Because I think it’s only fair to warn you: these passages from this book are literally shocking, in a sense beyond even Malachi Martin’s Windswept House.

**HINT: **

According to a controversial footnote on page 215

“God is more pleased with the barking of dogs, than with the prayer of such clerics.”

Ah, ha! **Which (or what clerics)? **

I respectfully submit, that by reading all these pages, each person can determine for herself (or himself) just how and when this opinion applies.

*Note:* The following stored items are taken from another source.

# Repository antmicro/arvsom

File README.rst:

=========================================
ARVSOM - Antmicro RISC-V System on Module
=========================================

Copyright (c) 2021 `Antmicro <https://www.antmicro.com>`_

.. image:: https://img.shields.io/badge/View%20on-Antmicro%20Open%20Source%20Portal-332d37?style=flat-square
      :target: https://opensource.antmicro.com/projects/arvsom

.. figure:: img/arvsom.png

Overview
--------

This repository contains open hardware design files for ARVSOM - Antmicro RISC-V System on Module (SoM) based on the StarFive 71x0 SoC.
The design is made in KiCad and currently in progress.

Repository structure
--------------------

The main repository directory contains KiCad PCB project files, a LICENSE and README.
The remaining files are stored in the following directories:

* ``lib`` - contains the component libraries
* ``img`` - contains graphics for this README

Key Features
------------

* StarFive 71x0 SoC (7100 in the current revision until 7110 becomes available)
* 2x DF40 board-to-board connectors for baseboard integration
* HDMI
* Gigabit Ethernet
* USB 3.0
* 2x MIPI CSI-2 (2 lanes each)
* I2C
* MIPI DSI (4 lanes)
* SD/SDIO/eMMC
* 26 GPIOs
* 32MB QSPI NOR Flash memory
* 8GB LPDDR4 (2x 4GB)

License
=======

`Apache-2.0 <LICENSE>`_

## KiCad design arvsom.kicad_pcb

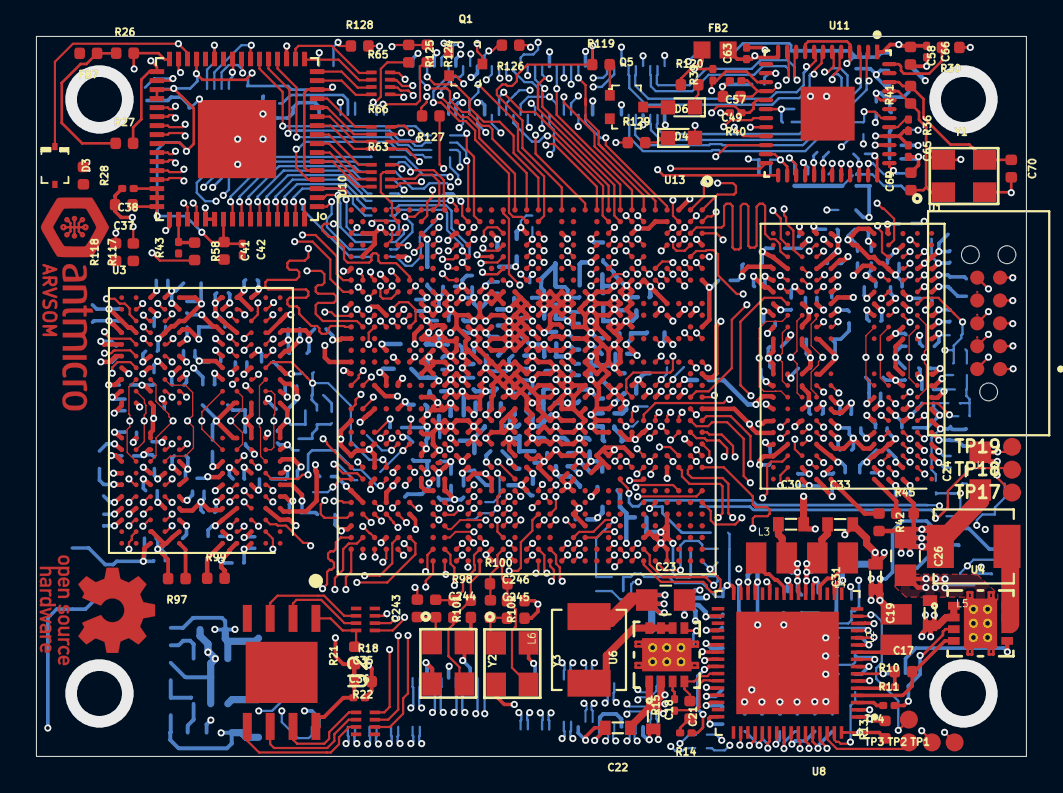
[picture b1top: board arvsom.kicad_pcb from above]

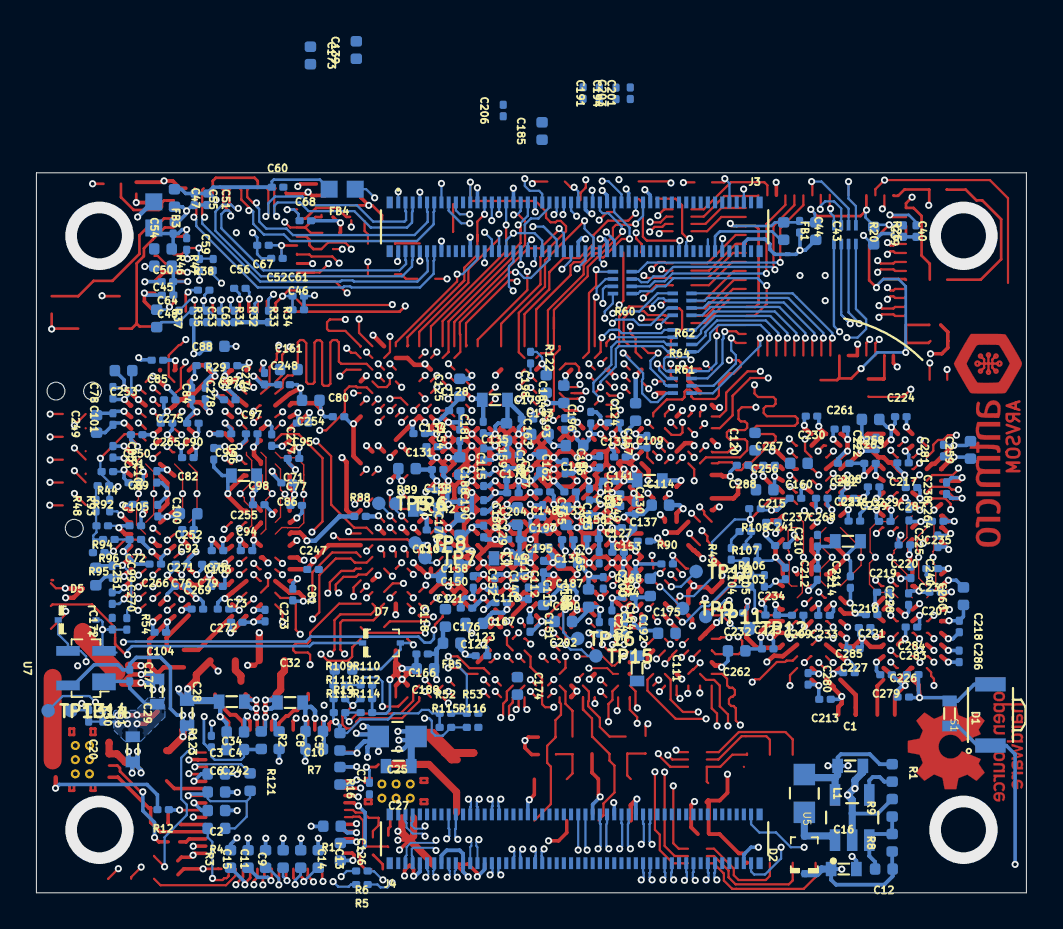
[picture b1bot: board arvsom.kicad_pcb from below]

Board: 12 copper layers, 55.0 x 40.0 mm, 451 parts (349 on the bottom side), 421 nets.

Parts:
C1, C16, C27, C28: C_10u_0603; 0603-cap
C2, C5, C7, C9, C15, C37, C39, C41, C43: C_2u2_0402; 0402-cap
C3, C4, C8, C114, C115, C118, C120, C121, C122, C139, C182, C184, C249, C251, C252, C253, C258, C259, C260, C262: C_10u_0402; 0402-cap
C6, C11, C14, C45, C47, C49, C50, C58: C_4u7_0402; 0402-cap
C10, C13, C17, C18, C242: C_100n_0402_16V; 0402-cap
C12: C_1n0_0402; 0402-cap
C19, C20, C21, C22, C29, C30, C31, C32, C33, C34, C109, C110, C111, C116, C135, C255, C257: C_22u_0603; 0603-cap
C23, C24, C25, C26: C_100u_0805; 0805-cap
C35, C108, C124, C125, C126, C143, C173, C174, C175, C183, C185, C186, C187, C189, C198, C199, C202, C254, C256: C_1u_0402; 0402-cap
C36, C38, C40, C42, C44, C54, C71, C72, C73, C74, C75, C76, C77, C78, C79, C80, C81, C82, C83, C84, C85, C86, C87, C88, C89, C90, C91, C92, C93, C94, C95, C96, C97, C98, C99, C100, C101, C102, C103, C104, C105, C106, C107, C112, C113, C117, C119, C123, C127, C128, C129, C130, C131, C132, C133, C134, C136, C137, C138, C140, C141, C142, C144, C145, C146, C147, C148, C149, C150, C151, C152, C153, C154, C155, C156, C157, C158, C159, C162, C164, C165, C166, C167, C168, C169, C171, C172, C176, C177, C178, C179, C180, C181, C188, C190, C191, C192, C193, C194, C195, C196, C197, C200, C201, C203, C204, C205, C206, C207, C208, C209, C210, C211, C212, C213, C214, C215, C216, C217, C218, C219, C220, C221, C222, C223, C224, C225, C226, C227, C228, C229, C230, C231, C232, C233, C234, C235, C236, C237, C238, C239, C240, C241, C247, C248, C250, C261, C263, C264, C265, C266, C267, C268, C269, C270, C271, C272, C273, C274, C275, C276, C277, C278, C279, C280, C281, C282, C283, C284, C285, C286, C287, C288: C_100n_0201; 0201-res
C46, C48, C51, C52, C53: C_470n_0201; 0201-res
C55, C56, C57, C59, C60, C61, C62, C63, C64, C65, C66, C67, C68: C_10n_0201; 0201-res
C69, C70: C_22p_0402; 0402-cap
C160, C161, C163, C170: C_1n_0402; 0402-res
C243, C244, C245, C246: C_10p_0402; 0402-cap
D1: PGB1010603MR
D2, D3, D5, D7: PMEG3010CEJ; SOD-323F
D4, D6: KP-1608CGCK; LED_0603
FB1, FB5, FB6, FB7: BLM15PD121SN1D; 0402-res
FB2, FB3, FB4: BLM18AG601SN1D; 0603
J1: TAG-10PIN; Tag-Connect_TC2050-IDC-NL
J3, J4: DF40C-100DP-0.4V(51); HRS_DF40C-100DP-0.4V(51)
L1: 10uH; 0805-res
L2, L3, L4: 1uH_2.0x1.6; INDC2016X100N
L5: 0.56uH_7.3A; SRP4020
L6: 0.47uH_10.5A; SRP4020
N1: antmicro_logo; antmicro-logo_scaled_12mm
N2: oshw_logo; oshw-logo
Q1: DMG1013UWQ-7; SOT-323
Q5: DMG1012UW; SOT-323
R1, R98, R100: R_1M0_0402; 0402-res
R2, R3, R4: R_10k_0402; 0402-res
R5, R6, R10, R11, R12, R14, R15, R16, R46, R47, R48, R123: R_0R_0201; 0201-res
R7: R_2k2_0402; 0402-res
R8: R_49k9_0402; 0402-res
R9: R_13k3_0402; 0402-res
R13, R30: R_12k1_0402; 0402-res
R17, R21, R117, R118, R124, R125: R_4k7_0402; 0402-res
R18, R20, R22, R60, R61, R62, R63, R64, R65, R66: 4x33R_0201_array; EXB18V
R19, R26, R27, R29, R37, R120, R121, R129: R_1k_0402; 0402-res
R25, R31, R32, R33, R34, R35, R36, R38, R39, R40, R43, R44, R49, R50, R51, R52, R53, R54, R88, R90, R92, R93, R94, R95, R96, R103, R104, R105, R106, R107, R108, R109, R110, R111, R112, R113, R114, R115, R116, R122: R_10k_0201; 0201-res
R28: R_27k_0402; 0402-res
R41: R_1M5_0402; 0402-res
R42, R45, R89, R91, R97, R99: R_240R_0402; 0402-res
R58, R119, R128: R_33R_0402; 0402-res
R101, R102: R_0R_0402; 0402-res
R126, R127: R_100k_0402; 0402-res
S1: B3U-3000PM; B3U-3000P
TP1, TP2, TP3, TP4, TP17, TP18, TP19: TP_SMD1MM; Testpoint_smd_1mm
TP5, TP6, TP7, TP8, TP9, TP10, TP11, TP12, TP13, TP14, TP15, TP16: TP_SMD_0_75MM; Testpoint_smd_0_75mm
U1, U3: MT53D1024M32D4DT-053; BGA-200_10.0x14.5mm_Layout12x22_P0.80x0.65mm
U2: GD25LQ256DWIGR; GD25Q16CWIG
U4, U6: CSD86330Q3D
U5: LMR62014XMF_NOPB; SOT95P280X145-5N
U7: STM811RW16F; SOT-143-4
U8: TPS65086100; S-PVQFN-N64
U10: TDA19988BHN_C1,557; QFN50P900X900X100-65N
U11: KSZ9031RNXCA; QFN-48-Microchip-QFN77-48LD-PL-2
U13: VIC7100; vic7100
Y1, Y2: ABM8G-25.000MHZ-18-D2Y-T; KX-7
Y3: ABM8G-27.000MHZ-18-D2Y-T; KX-7

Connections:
5V0_IN: J3.77, J3.79, J3.81, J3.83, J3.85, J3.87
/Ethernet/AVDDH: C58.1, C63.1, C66.1, FB2.2, U11.1, U11.12
/Ethernet/AVDDL: C47.1, C51.1, C55.1, C60.1, FB4.2, U11.4, U11.9
/Ethernet/AVDDL_PLL: C50.1, C54.1, C59.1, FB3.2, U11.44
/Ethernet/ETH_RESETn: R46.2, R47.2, U11.42
/PMIC/U5FB: C12.2, R8.2, R9.1, U5.3
/VIC7100 config/ATEMP_TEST0: R51.1, TP13.1, U13.U25
/VIC7100 config/ATEMP_TEST1: R50.1, TP14.1, U13.U24
/VIC7100 config/ATEMP_VCAL: TP16.1, U13.V24
/VIC7100 config/ATEMP_VSS: TP15.1, U13.V25
AVDD3V3_USB: C202.1, C205.1, FB6.1, U13.AA23
AVDD09_PLL: C108.1, C113.1, C119.1, C123.1, FB5.1, U13.U21, U13.U22, U13.V21
BOOT_FROM_UARTn: J3.93, R128.1
BOOT_MODE: R115.2, R116.1, U13.M28
BOOT_SEL0: R109.2, R110.1, U13.E31
BOOT_SEL1: R111.2, R112.1, U13.F31
BOOT_SEL2: Q1.3, R113.2, R114.1, U13.F30
CDTX_DSI_CK_N: J4.69, U13.J30
CDTX_DSI_CK_P: J4.71, U13.J31
CDTX_DSI_D0_N: J4.57, U13.G30
CDTX_DSI_D0_P: J4.59, U13.G31
CDTX_DSI_D1_N: J4.63, U13.H30
CDTX_DSI_D1_P: J4.65, U13.H31
CLK_25M_IN: R98.1, R101.1, U13.Y30
CLK_25M_OUT: C244.1, R98.2, U13.Y31, Y2.3
CLK_27M_IN: R100.1, R102.1, U13.V30
CLK_27M_OUT: C246.1, R100.2, U13.V31, Y3.3
CSI0_PWDN: J3.97, U13.V6
CSI1RX_CLK_N: J4.40, U13.M30
CSI1RX_CLK_P: J4.42, U13.M31
CSI1RX_D0_N: J4.28, U13.P30
CSI1RX_D0_P: J4.30, U13.P31
CSI1RX_D1_N: J4.34, U13.N30
CSI1RX_D1_P: J4.36, U13.N31
CSI2RX_CLK_N: J4.27, U13.U30
CSI2RX_CLK_P: J4.29, U13.U31
CSI2RX_D0_N: J4.15, U13.T30
CSI2RX_D0_P: J4.17, U13.T31
CSI2RX_D1_N: J4.21, U13.R30
CSI2RX_D1_P: J4.23, U13.R31
CTL5: D1.2, J3.92, R4.2, S1.1, U8.63
DDR0_A00: U1.H2, U1.R2, U13.C10
DDR0_A01: U1.J2, U1.P2, U13.B10
DDR0_A02: U1.H9, U1.R9, U13.A15
DDR0_A03: U1.H10, U1.R10, U13.D10
DDR0_A04: U1.H11, U1.R11, U13.D12
DDR0_A05: U1.J11, U1.P11, U13.E10
DDR0_CK0_N: U1.J9, U13.B14
DDR0_CK0_P: U1.J8, U13.A14
DDR0_CK1_N: U1.P9, U13.B12
DDR0_CK1_P: U1.P8, U13.A12
DDR0_CKE0: U1.J4, U1.P4, U13.C17
DDR0_CKE1: U1.J5, U1.P5, U13.F17
DDR0_CS0: U1.H4, U13.F19
DDR0_CS1: U1.H3, U13.A17
DDR0_CS2: U1.R4, U13.B17
DDR0_CS3: U1.R3, U13.E14
DDR0_DMI0: U1.C3, U13.E22
DDR0_DMI1: U1.C10, U13.C19
DDR0_DMI2: U1.Y3, U13.D6
DDR0_DMI3: U1.Y10, U13.D4
DDR0_DQ00: U1.B2, U13.F23
DDR0_DQ01: U1.C2, U13.E23
DDR0_DQ02: U1.E2, U13.D22
DDR0_DQ03: U1.F2, U13.F22
DDR0_DQ04: U1.F4, U13.C22
DDR0_DQ05: U1.E4, U13.B22
DDR0_DQ06: U1.C4, U13.A23
DDR0_DQ07: U1.B4, U13.A22
DDR0_DQ08: U1.B11, U13.A21
DDR0_DQ09: U1.C11, U13.C20
DDR0_DQ10: U1.E11, U13.E20
DDR0_DQ11: U1.F11, U13.D20
DDR0_DQ12: U1.F9, U13.E19
DDR0_DQ13: U1.E9, U13.D19
DDR0_DQ14: U1.C9, U13.B19
DDR0_DQ15: U1.B9, U13.A19
DDR0_DQ16: U1.AA2, U13.A5
DDR0_DQ17: U1.Y2, U13.D7
DDR0_DQ18: U1.V2, U13.C7
DDR0_DQ19: U1.U2, U13.E7
DDR0_DQ20: U1.U4, U13.B5
DDR0_DQ21: U1.V4, U13.C6
DDR0_DQ22: U1.Y4, U13.E6
DDR0_DQ23: U1.AA4, U13.B4
DDR0_DQ24: U1.AA11, U13.A2
DDR0_DQ25: U1.Y11, U13.B3
DDR0_DQ26: U1.V11, U13.A3
DDR0_DQ27: U1.U11, U13.C4
DDR0_DQ28: U1.U9, U13.B2
DDR0_DQ29: U1.V9, U13.B1
DDR0_DQ30: U1.Y9, U13.A1
DDR0_DQ31: U1.AA9, U13.C2
DDR0_DQS0N: U1.E3, U13.C23
DDR0_DQS0P: U1.D3, U13.B23
DDR0_DQS1N: U1.E10, U13.A20
DDR0_DQS1P: U1.D10, U13.B20
DDR0_DQS2N: U1.V3, U13.B6
DDR0_DQS2P: U1.W3, U13.A6
DDR0_DQS3N: U1.V10, U13.C3
DDR0_DQS3P: U1.W10, U13.D3
DDR0_ODT0: R95.1, U1.G2, U13.D17
DDR0_ODT1: R44.2, R92.1, R93.2, U1.T2, U13.G17
DDR0_ODT_0: R48.1, R94.2, R95.2, R96.2
DDR0_ODT_1: R48.2, R92.2
DDR0_PLL_REFOUT_N: TP5.1, U13.D16
DDR0_PLL_REFOUT_P: TP6.1, U13.E16
DDR0_PLL_TESTOUT_N: TP7.1, U13.H19
DDR0_PLL_TESTOUT_P: TP8.1, U13.G19
DDR0_RSTN: U1.T11, U13.B18
DDR1_A00: U3.H2, U3.R2, U13.AG16
DDR1_A01: U3.J2, U3.P2, U13.AJ18
DDR1_A02: U3.H9, U3.R9, U13.AJ16
DDR1_A03: U3.H10, U3.R10, U13.AF14
DDR1_A04: U3.H11, U3.R11, U13.AL14
DDR1_A05: U3.J11, U3.P11, U13.AG14
DDR1_CK0_N: U3.J9, U13.AK18
DDR1_CK0_P: U3.J8, U13.AL18
DDR1_CK1_N: U3.P9, U13.AK16
DDR1_CK1_P: U3.P8, U13.AL16
DDR1_CKE0: U3.J4, U3.P4, U13.AG23
DDR1_CKE1: U3.J5, U3.P5, U13.AJ24
DDR1_CS0: U3.H4, U13.AK23
DDR1_CS1: U3.H3, U13.AH21
DDR1_CS2: U3.R4, U13.AH20
DDR1_CS3: U3.R3, U13.AF20
DDR1_DMI0: U3.C3, U13.AG30
DDR1_DMI1: U3.C10, U13.AJ26
DDR1_DMI2: U3.Y3, U13.AG11
DDR1_DMI3: U3.Y10, U13.AH8
DDR1_DQ00: U3.B2, U13.AF29
DDR1_DQ01: U3.C2, U13.AG29
DDR1_DQ02: U3.E2, U13.AH30
DDR1_DQ03: U3.F2, U13.AF30
DDR1_DQ04: U3.F4, U13.AJ29
DDR1_DQ05: U3.E4, U13.AK29
DDR1_DQ06: U3.C4, U13.AL30
DDR1_DQ07: U3.B4, U13.AL29
DDR1_DQ08: U3.B11, U13.AF26
DDR1_DQ09: U3.C11, U13.AH27
DDR1_DQ10: U3.E11, U13.AG27
DDR1_DQ11: U3.F11, U13.AG26
DDR1_DQ12: U3.F9, U13.AL27
DDR1_DQ13: U3.E9, U13.AL26
DDR1_DQ14: U3.C9, U13.AF24
DDR1_DQ15: U3.B9, U13.AF23
DDR1_DQ16: U3.AA2, U13.AL11
DDR1_DQ17: U3.Y2, U13.AK11
DDR1_DQ18: U3.V2, U13.AL10
DDR1_DQ19: U3.U2, U13.AJ11
DDR1_DQ20: U3.U4, U13.AG10
DDR1_DQ21: U3.V4, U13.AH11
DDR1_DQ22: U3.Y4, U13.AF11
DDR1_DQ23: U3.AA4, U13.AF10
DDR1_DQ24: U3.AA11, U13.AL8
DDR1_DQ25: U3.Y11, U13.AL7
DDR1_DQ26: U3.V11, U13.AK8
DDR1_DQ27: U3.U11, U13.AJ8
DDR1_DQ28: U3.U9, U13.AF8
DDR1_DQ29: U3.V9, U13.AG8
DDR1_DQ30: U3.Y9, U13.AG7
DDR1_DQ31: U3.AA9, U13.AF7
DDR1_DQS0N: U3.E3, U13.AJ30
DDR1_DQS0P: U3.D3, U13.AK30
DDR1_DQS1N: U3.E10, U13.AK27
DDR1_DQS1P: U3.D10, U13.AJ27
DDR1_DQS2N: U3.V3, U13.AJ10
DDR1_DQS2P: U3.W3, U13.AK10
DDR1_DQS3N: U3.V10, U13.AK7
DDR1_DQS3P: U3.W10, U13.AJ7
DDR1_ODT0: R104.1, U3.G2, U13.AH24
DDR1_ODT1: R106.2, R107.1, R108.2, U3.T2, U13.AH23
DDR1_ODT_0: R49.1, R103.2, R104.2, R105.2
DDR1_ODT_1: R49.2, R107.2
DDR1_PLL_REFOUT_N: TP9.1, U13.AF21
DDR1_PLL_REFOUT_P: TP10.1, U13.AG21
DDR1_PLL_TESTOUT_N: TP11.1, U13.AK24
DDR1_PLL_TESTOUT_P: TP12.1, U13.AL24
DDR1_RSTN: U3.T11, U13.AL23
ETH0_N: J3.10, U11.3
ETH0_P: J3.12, U11.2
ETH1_N: J3.6, U11.6
ETH1_P: J3.4, U11.5
ETH2_N: J3.9, U11.8
ETH2_P: J3.11, U11.7
ETH3_N: J3.5, U11.11
ETH3_P: J3.3, U11.10
ETH_LED1: J3.17, R40.1, U11.17
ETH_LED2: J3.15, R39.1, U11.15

As for me, well, even as I write this, I have page 21 of the little blue book in front of me called: Spiritual Exercises of St. Ignatius of Loyola, where under the heading of **GOOD **READINGS, we find such entries as:

“All the books of Archbishop Lefebvre, etc.”:wink:

But, gosh!

Why not Pope St. Pius X’s “favorite bedside book?”:smiley:

As a simple matter of fact, yes!

In the Fall of 1984 we were entertaining a Society priest of French parentage, who not only knew of this book book, but recommended it with much enthusiasm.

Dom de Chautard he likewise knew by his French nick-name, something like** L’Abbe de Sept Fonts**, humm … or maybe it was** L’Abbe de Sept Ponts**, omigosh! “So long ago…”:rolleyes:

Enjoy this book!

Aurelio:thumbsup:

Yup, we have all said that! :wink:

This would be the same Fr. Trigilio on EWTN? Most orthodox.